Getting aftertreatment on the network

For many design teams, tighter emissions regulations have expanded the definition of a powertrain. Aftertreatment systems are now a critical factor that impacts engine operations. Design teams must include treatment technologies as they optimize powertrain parameters.

“The aftertreatment system, engine, and transmission need to be optimized as a complete system instead of individual elements,” said Chris Mays, Senior Technical Specialist at BorgWarner’s Advance Engineering Group.

“For example, getting the SCR aftertreatment to its operating temperature quickly means that the engine can move to more efficient operation sooner. The engine needs to interact with fuel injection, throttles, and variable valve train components as well as the transmission to enable a rapid warm-up. This is a system decision to sacrifice lower engine efficiency for a short time to achieve a net overall system benefit for the full operation cycle.”

When all these systems share information continuously, there’s a lot of data traveling over networks. Getting the right data to each node at the right time is a challenging task. If the combined systems and networking links aren’t considered as elements of a larger system, problems can arise.

“Another challenge associated with communication between the engine and transmission is obtaining accurate load information at very light loads,” said Michael Pipho, technical lead at John Deere Power Systems. “Aftertreatment technologies also increase the amount of data on the network structure due to additional control requirements and the need to communicate aftertreatment information to operator interfaces. The increased sharing of data among systems can result in high network loading and cause some data latency issues.”

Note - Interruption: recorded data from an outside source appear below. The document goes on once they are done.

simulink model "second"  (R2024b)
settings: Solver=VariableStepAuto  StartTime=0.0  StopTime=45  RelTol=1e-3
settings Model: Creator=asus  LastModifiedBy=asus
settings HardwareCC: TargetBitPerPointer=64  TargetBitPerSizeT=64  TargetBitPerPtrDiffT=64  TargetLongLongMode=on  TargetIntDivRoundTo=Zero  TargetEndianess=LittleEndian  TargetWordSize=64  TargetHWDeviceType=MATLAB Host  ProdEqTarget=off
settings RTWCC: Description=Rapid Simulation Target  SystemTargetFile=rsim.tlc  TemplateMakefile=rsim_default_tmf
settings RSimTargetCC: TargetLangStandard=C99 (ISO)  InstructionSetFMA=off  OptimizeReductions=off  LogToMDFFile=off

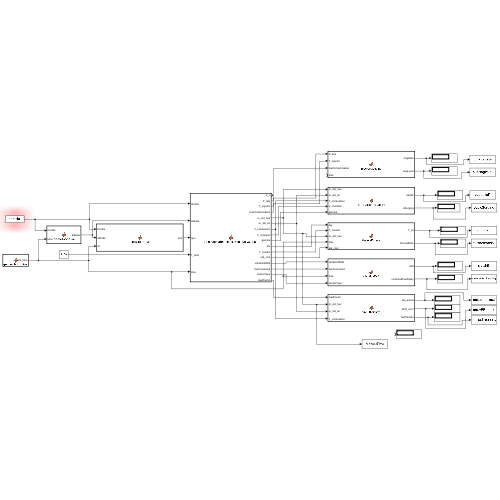
[thumbnail: Simulink's stored preview of the top-level diagram]
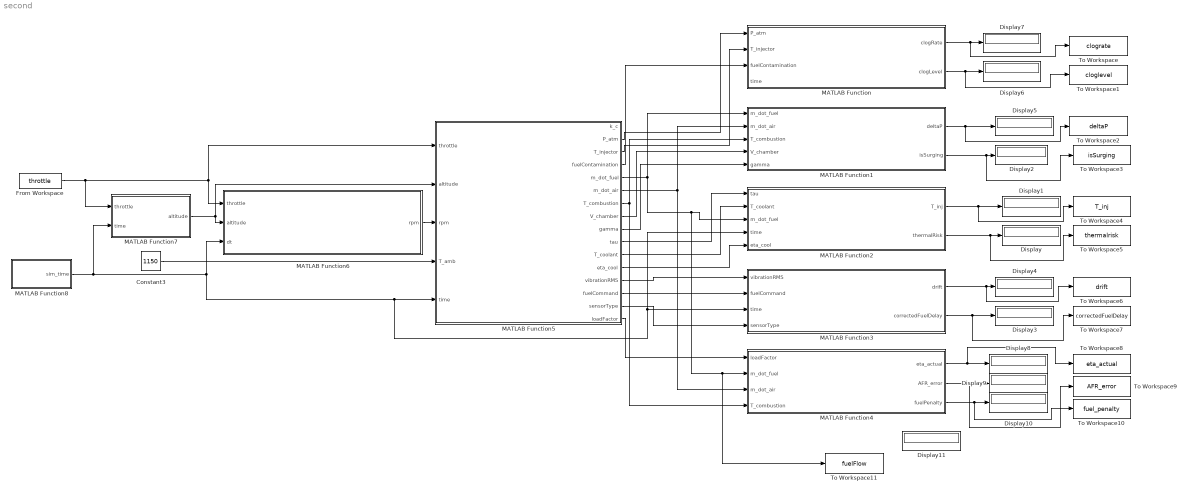
== system second ==
  Constant3 : Constant  Value=1150
  Display{,1..11} (12 alike) : Display
  From Workspace : FromWorkspace  VariableName=throttle
  MATLAB Function : MATLAB Function  TreatAsAtomicUnit=on
  MATLAB Function1 : MATLAB Function  TreatAsAtomicUnit=on
  MATLAB Function2 : MATLAB Function  TreatAsAtomicUnit=on
  MATLAB Function3 : MATLAB Function  TreatAsAtomicUnit=on
  MATLAB Function4 : MATLAB Function  TreatAsAtomicUnit=on
  MATLAB Function5 : MATLAB Function  TreatAsAtomicUnit=on
  MATLAB Function6 : MATLAB Function  TreatAsAtomicUnit=on
  MATLAB Function7 : MATLAB Function  TreatAsAtomicUnit=on
  MATLAB Function8 : MATLAB Function  TreatAsAtomicUnit=on
  To Workspace : ToWorkspace  VariableName=clograte  SaveFormat=Timeseries  SampleTime=-1
  To Workspace1 : ToWorkspace  VariableName=cloglevel  SaveFormat=Timeseries  SampleTime=-1
  To Workspace10 : ToWorkspace  VariableName=fuel_penalty  SaveFormat=Timeseries  SampleTime=-1
  To Workspace11 : ToWorkspace  VariableName=fuelFlow  SaveFormat=Timeseries  SampleTime=-1
  To Workspace2 : ToWorkspace  VariableName=deltaP  SaveFormat=Timeseries  SampleTime=-1
  To Workspace3 : ToWorkspace  VariableName=isSurging  SaveFormat=Timeseries  SampleTime=-1
  To Workspace4 : ToWorkspace  VariableName=T_inj  SaveFormat=Timeseries  SampleTime=-1
  To Workspace5 : ToWorkspace  VariableName=thermalrisk  SaveFormat=Timeseries  SampleTime=-1
  To Workspace6 : ToWorkspace  VariableName=drift  SaveFormat=Timeseries  SampleTime=-1
  To Workspace7 : ToWorkspace  VariableName=correctedFuelDelay  SaveFormat=Timeseries  SampleTime=-1
  To Workspace8 : ToWorkspace  VariableName=eta_actual  SaveFormat=Timeseries  SampleTime=-1
  To Workspace9 : ToWorkspace  VariableName=AFR_error  SaveFormat=Timeseries  SampleTime=-1
  wires:
  MATLAB Function6/1(rpm) -> MATLAB Function5/3(rpm)
  From Workspace/1 -> MATLAB Function6/1(throttle), MATLAB Function5/1(throttle), MATLAB Function7/1(throttle)
  MATLAB Function7/1(altitude) -> MATLAB Function5/2(altitude), MATLAB Function6/2(altitude)
  MATLAB Function8/1(sim_time) -> MATLAB Function7/2(time), MATLAB Function3/3(time), MATLAB Function2/4(time), MATLAB Function5/5(time), MATLAB Function6/3(dt)
  MATLAB Function5/4(fuelContamination) -> MATLAB Function/3(fuelContamination)
  MATLAB Function5/3(T_injector) -> MATLAB Function/2(T_injector)
  MATLAB Function5/2(P_atm) -> MATLAB Function/1(P_atm)
  MATLAB Function5/5(m_dot_fuel) -> MATLAB Function2/3(m_dot_fuel), To Workspace11/1, MATLAB Function4/2(m_dot_fuel), MATLAB Function1/1(m_dot_fuel)
  MATLAB Function5/6(m_dot_air) -> MATLAB Function4/3(m_dot_air), MATLAB Function1/2(m_dot_air)
  MATLAB Function5/7(T_combustion) -> MATLAB Function4/4(T_combustion), MATLAB Function1/3(T_combustion)
  MATLAB Function5/8(V_chamber) -> MATLAB Function1/4(V_chamber)
  MATLAB Function5/9(gamma) -> MATLAB Function1/5(gamma)
  MATLAB Function5/10(tau) -> MATLAB Function2/1(tau)
  MATLAB Function5/11(T_coolant) -> MATLAB Function2/2(T_coolant)
  MATLAB Function5/12(eta_cool) -> MATLAB Function2/5(eta_cool)
  MATLAB Function5/13(vibrationRMS) -> MATLAB Function3/1(vibrationRMS)
  MATLAB Function5/14(fuelCommand) -> MATLAB Function3/2(fuelCommand)
  MATLAB Function5/15(sensorType) -> MATLAB Function3/4(sensorType)
  MATLAB Function5/16(loadFactor) -> MATLAB Function4/1(loadFactor)
  Constant3/1 -> MATLAB Function5/4(T_amb)
  MATLAB Function2/2(thermalRisk) -> To Workspace5/1, Display/1
  MATLAB Function2/1(T_inj) -> To Workspace4/1, Display1/1
  MATLAB Function1/2(isSurging) -> To Workspace3/1, Display2/1
  MATLAB Function/1(clogRate) -> To Workspace/1, Display7/1
  MATLAB Function1/1(deltaP) -> To Workspace2/1, Display5/1
  MATLAB Function3/1(drift) -> To Workspace6/1, Display4/1
  MATLAB Function3/2(correctedFuelDelay) -> To Workspace7/1, Display3/1
  MATLAB Function4/2(AFR_error) -> To Workspace9/1, Display9/1
  MATLAB Function4/1(eta_actual) -> To Workspace8/1, Display8/1
  MATLAB Function4/3(fuelPenalty) -> To Workspace10/1, Display10/1
  MATLAB Function/2(clogLevel) -> To Workspace1/1, Display6/1

== matlab function second/MATLAB Function6 ==
  data: throttle input; rpm output; altitude input; dt input
function rpm = calculateRPM(throttle, altitude, dt)
    %#codegen
    
    % Input validation for Simulink and codegen
    coder.inline('always'); % Inline the function for efficiency
    assert(isscalar(throttle) && isreal(throttle) && throttle >= 0 && throttle <= 1, ...
           'Throttle must be a scalar in [0, 1]');
    assert(isscalar(altitude) && isreal(altitude) && altitude >= 0, ...
           'Altitude must be a non-negative scalar');
    assert(isscalar(dt) && isreal(dt) && dt > 0, ...
           'Time step (dt) must be a positive scalar');
    
    % Initialize persistent variable for RPM history
    persistent rpm_prev
    if isempty(rpm_prev)
        rpm_prev = 800.0; % Engine idle speed (double)
    end
    
    % Basic RPM calculation
    base_rpm = 800.0 + (throttle * 4000.0); % Linear throttle response (scaled for realistic RPM)
    altitude_factor = max(0.5, 1.0 - (altitude / 15000.0)); % Altitude compensation
    
    % Apply first-order lag to simulate engine response
    target_rpm = base_rpm * altitude_factor;
    time_constant = 2.0; % Seconds for 63% response
    rpm = rpm_prev + (target_rpm - rpm_prev) * (dt / time_constant);
    
    % Ensure RPM stays within realistic bounds
    rpm = min(max(rpm, 800.0), 6000.0); % Bound RPM between idle (800) and max (6000)
    
    % Store current RPM for next iteration
    rpm_prev = rpm;
    
    % Ensure output is scalar double
    rpm = double(rpm);
end

== matlab function second/MATLAB Function7 ==
  data: throttle input; altitude output; time input
function altitude = throttleToAltitude(throttle, time)
    % Constants
    max_thrust = 50000;   % N (adjust per helicopter)
    m = 3000;             % kg
    g = 9.81;             % m/s²
    k = 1.3;              % Drag factor
    
    % Thrust calculation
    T = (throttle/100) * max_thrust;
    
    % Vertical acceleration
    dh_dt = (T - m*g) / (m*k);
    
    % Integrate to get altitude
    persistent alt_prev;
    if isempty(alt_prev)
        alt_prev = 0;  % Start at ground level
    end
    altitude = alt_prev + dh_dt * time;
    altitude = max(0, altitude);  % No negative altitude
    alt_prev = altitude;
end

== matlab function second/MATLAB Function8 ==
  data: sim_time output
function sim_time = getSimulationTime()
    persistent start_time;
    if isempty(start_time)
        start_time = posixtime(datetime('now'));  % Unix timestamp at start
    end
    sim_time = posixtime(datetime('now')) - start_time;  % Elapsed seconds
end

== matlab function second/MATLAB Function1 ==
  data: m_dot_fuel input; deltaP output; m_dot_air input; T_combustion input; V_chamber input; isSurging output; gamma input
function [deltaP, isSurging] = combustionInstability(m_dot_fuel, m_dot_air, T_combustion, V_chamber, gamma)
    % Inputs:
    %   m_dot_fuel (kg/s): Fuel mass flow rate
    %   m_dot_air (kg/s): Air mass flow rate
    %   T_combustion (K): Combustion temperature
    %   V_chamber (m³): Combustion chamber volume
    %   gamma: Specific heat ratio (e.g., 1.4 for air)
    
    % Constants
    R = 287;  % Gas constant for air (J/kg·K)
    surgeThreshold = 0.3;  % Threshold for surge detection (empirical)
    
    % Pressure oscillation amplitude (simplified model)
    FAR_actual = m_dot_fuel / m_dot_air;
    FAR_stoich = 0.068;  % Stoichiometric FAR for kerosene-air
    deltaP = sqrt(gamma * R * T_combustion / V_chamber) * abs(FAR_actual - FAR_stoich);
    
    % Surging detection (boolean)
    isSurging = (deltaP > surgeThreshold);
end

== matlab function second/MATLAB Function ==
  data: P_atm input; clogRate output; T_injector input; fuelContamination input; time input; clogLevel output
function [clogRate, clogLevel] = injectorClogging(P_atm, T_injector, fuelContamination, time)
    % Inputs:
    %   P_atm (Pa): Ambient pressure (altitude-dependent)
    %   T_injector (K): Injector temperature
    %   fuelContamination (0-1): Fuel impurity level
    %   time (s): Simulation time (for integration)
    
    % Constants
    P_ref = 101325;     % Reference pressure (Pa, sea level)
    R = 8.314;          % Universal gas constant
    E_a = 50000;        % Activation energy (J/mol, empirical)
    k_c = 0.001;        % Empirical clogging rate constant
    
    % Clogging rate (dC/dt)
    clogRate = k_c * (P_atm / P_ref) * exp(-E_a / (R * T_injector)) * fuelContamination;
    
    % Clog level (integrate rate over time)
    persistent cumulativeClog;
    if isempty(cumulativeClog)
        cumulativeClog = 0;
    end
    cumulativeClog = cumulativeClog + clogRate * time;
    clogLevel = min(cumulativeClog, 100);  % Cap at 100%
end

== matlab function second/MATLAB Function2 ==
  data: tau input; T_coolant input; m_dot_fuel input; T_inj output; time input; thermalRisk output; eta_cool input
function [T_inj, thermalRisk] = thermalStress(tau, T_coolant, m_dot_fuel, time, eta_cool)
    %#codegen
    % Constants
    T_max = 500;          % Max allowable injector temp (K)
    k_heat = 0.05;        % Heat gain coefficient
    k_cool = 0.1;         % Cooling coefficient
    
    % 1. Heat generation (always >= 0)
    Q_gen = max(0, k_heat * abs(tau) * abs(m_dot_fuel));
    
    % 2. Heat dissipation (always >= 0)
    Q_cool = max(0, k_cool * abs(eta_cool) * (T_coolant - 298));
    
    % 3. Temperature calculation (Euler integration)
    persistent T_inj_prev;
    if isempty(T_inj_prev)
        T_inj_prev = T_coolant;  % Initialize to coolant temp
    end
    T_inj = T_inj_prev + (Q_gen - Q_cool) * time;
    T_inj = max(T_coolant, T_inj);  % Never below coolant temp
    T_inj_prev = T_inj;
    
    % 4. Non-negative thermal risk (0-1 scale)
    thermalRisk = max(0, min(1, (T_inj - 0.7*T_max)/(0.3*T_max)));
end

== matlab function second/MATLAB Function3 ==
  data: vibrationRMS input; fuelCommand input; time input; sensorType input; drift output; correctedFuelDelay output
function [drift, correctedFuelDelay] = vibrationDrift(vibrationRMS, fuelCommand, time, sensorType)
    % Inputs:
    %   vibrationRMS (m/s²): Vibration magnitude (RMS)
    %   fuelCommand (kg/s): Commanded fuel flow rate
    %   time (s): Simulation time
    %   sensorType: 1=Pressure, 2=Temperature (different drift behaviors)
    
    % Constants
    kBias = 0.02;       % Drift coefficient (empirical)
    kPhase = 1e-4;      % Phase delay coefficient
    maxDrift = 0.15;    % 15% max error
    
    % 1. Sensor Bias Drift (DC offset)
    drift = kBias * vibrationRMS * time;
    drift = min(drift, maxDrift);  % Clamp drift
    
    % 2. Fuel Delivery Delay (phase lag)
    if sensorType == 1
        % Pressure sensor: Delay ~ vibration^2
        phaseLag = kPhase * (vibrationRMS^2) * fuelCommand;
    else
        % Temperature sensor: Delay ~ linear
        phaseLag = kPhase * vibrationRMS * fuelCommand;
    end
    
    % Compensated delay (example: subtract estimated lag)
    correctedFuelDelay = max(0, fuelCommand - phaseLag);
end

== matlab function second/MATLAB Function4 ==
  data: loadFactor input; m_dot_fuel input; m_dot_air input; T_combustion input; eta_actual output; AFR_error output; fuelPenalty output
function [eta_actual, AFR_error, fuelPenalty] = fuelEfficiency(loadFactor, m_dot_fuel, m_dot_air, T_combustion)
    % Inputs:
    %   loadFactor (0-1): Current load / Rated load
    %   m_dot_fuel (kg/s): Fuel mass flow rate
    %   m_dot_air (kg/s): Air mass flow rate
    %   T_combustion (K): Combustion chamber temperature
    
    % Constants
    AFR_stoich = 14.7;       % Stoichiometric AFR for kerosene
    AFR_opt_map = [12.5, 14.7, 16.3];  % Optimal AFR at [0.3, 0.7, 1.0] loadFactor
    
    % 1. Interpolate optimal AFR for current load
    loadPoints = [0.3, 0.7, 1.0];
    AFR_opt = interp1(loadPoints, AFR_opt_map, loadFactor, 'pchip');
    
    % 2. Calculate actual AFR and error
    AFR_actual = m_dot_air / max(m_dot_fuel, 1e-6);  % Avoid division by zero
    AFR_error = AFR_actual - AFR_opt;
    
    % 3. Efficiency penalty (0-1 scale)
    T_norm = T_combustion / 1000;  % Normalized temperature
    fuelPenalty = exp(-0.5 * (AFR_error^2)) * (1 - 0.2 * loadFactor * T_norm);
    eta_actual = 0.95 * fuelPenalty;  % Baseline 95% efficiency scaled by penalty
end

== matlab function second/MATLAB Function5 ==
  data: throttle input; k_c output; altitude input; rpm input; T_amb input; P_atm output; time input; T_injector output; fuelContamination output; m_dot_fuel output; m_dot_air output; T_combustion output; V_chamber output; gamma output; tau output; T_coolant output; eta_cool output; vibrationRMS output; fuelCommand output; sensorType output; loadFactor output
function [k_c, P_atm, T_injector, fuelContamination, ...
          m_dot_fuel, m_dot_air, T_combustion, V_chamber, gamma, ...
          tau, T_coolant, eta_cool, ...
          vibrationRMS, fuelCommand, sensorType, ...
          loadFactor] = ...
          generateFailureInputs_SeparateOutputs(throttle, altitude, rpm, T_amb, time)
% Inputs:
%   throttle (0-100%) : Throttle position
%   altitude (m)      : Current altitude
%   rpm               : Engine RPM
%   T_amb (°C)        : Ambient temperature
%   time (s)          : Simulation time
%
% Outputs:
%   All parameters split into individual variables (no structs)

%% 1. Derived Intermediate Variables
P_atm = 101325 * exp(-altitude / 8500);    % Atmospheric pressure (Pa)
T_comb = 300 + 0.6 * throttle + 0.01 * rpm; % Combustion temp (K)
torque = (throttle / 100) * (rpm / 2000);  % Normalized torque (0-1)
fuelFlow = 0.02 * throttle * sqrt(abs(rpm));     % Fuel flow rate (kg/s)
vibrationRMS = 2 + 0.05 * rpm + 0.1 * (altitude / 1000); % Vibration (m/s²)

%% 2. Injector Clogging Parameters (Failure Mode 1)
k_c = 0.001;                    % Clogging rate constant
T_injector = T_comb - 50;       % Injector temp (K)
fuelContamination = 0.1 + 0.01 * (time / 3600); % Degrades over time

%% 3. Combustion Instability Parameters (Failure Mode 2)
m_dot_fuel = fuelFlow;
m_dot_air = fuelFlow * 14.7;    % Assume stoichiometric AFR
T_combustion = T_comb;
V_chamber = 0.002;              % Combustion chamber volume (m³)
gamma = 1.4;                    % Specific heat ratio

%% 4. Heat Management Parameters (Failure Mode 3)
tau = torque * 500;             % Torque (Nm) scaled
T_coolant = T_amb + 10 + 0.2 * throttle; % Coolant temp (°C)
eta_cool = 0.9 - 0.001 * time;  % Cooling efficiency degrades

%% 5. Vibration Drift Parameters (Failure Mode 4)
fuelCommand = fuelFlow;
sensorType = 1;                 % 1=Pressure, 2=Temperature

%% 6. Fuel Inefficiency Parameters (Failure Mode 5)
loadFactor = torque;            % Normalized load (0-1)
end

Most developers are using a number of networks linked together using gateways. That provides the necessary bandwidth without adding a lot of complexity.

“As the engine sub-systems develop, particularly those related to aftertreatment, it is necessary to use multiple networks separating machine and application data from sub-system monitoring,” said Mike Cullen, Perkins’ Product Marketing Specialist. “One example is NOx sensors, which run on a different network to that of the machine. As the number of variables increase, the limitations of a network become apparent. To maintain a responsive system and avoid latency issues it is sometimes necessary to rethink the network architecture of a machine.”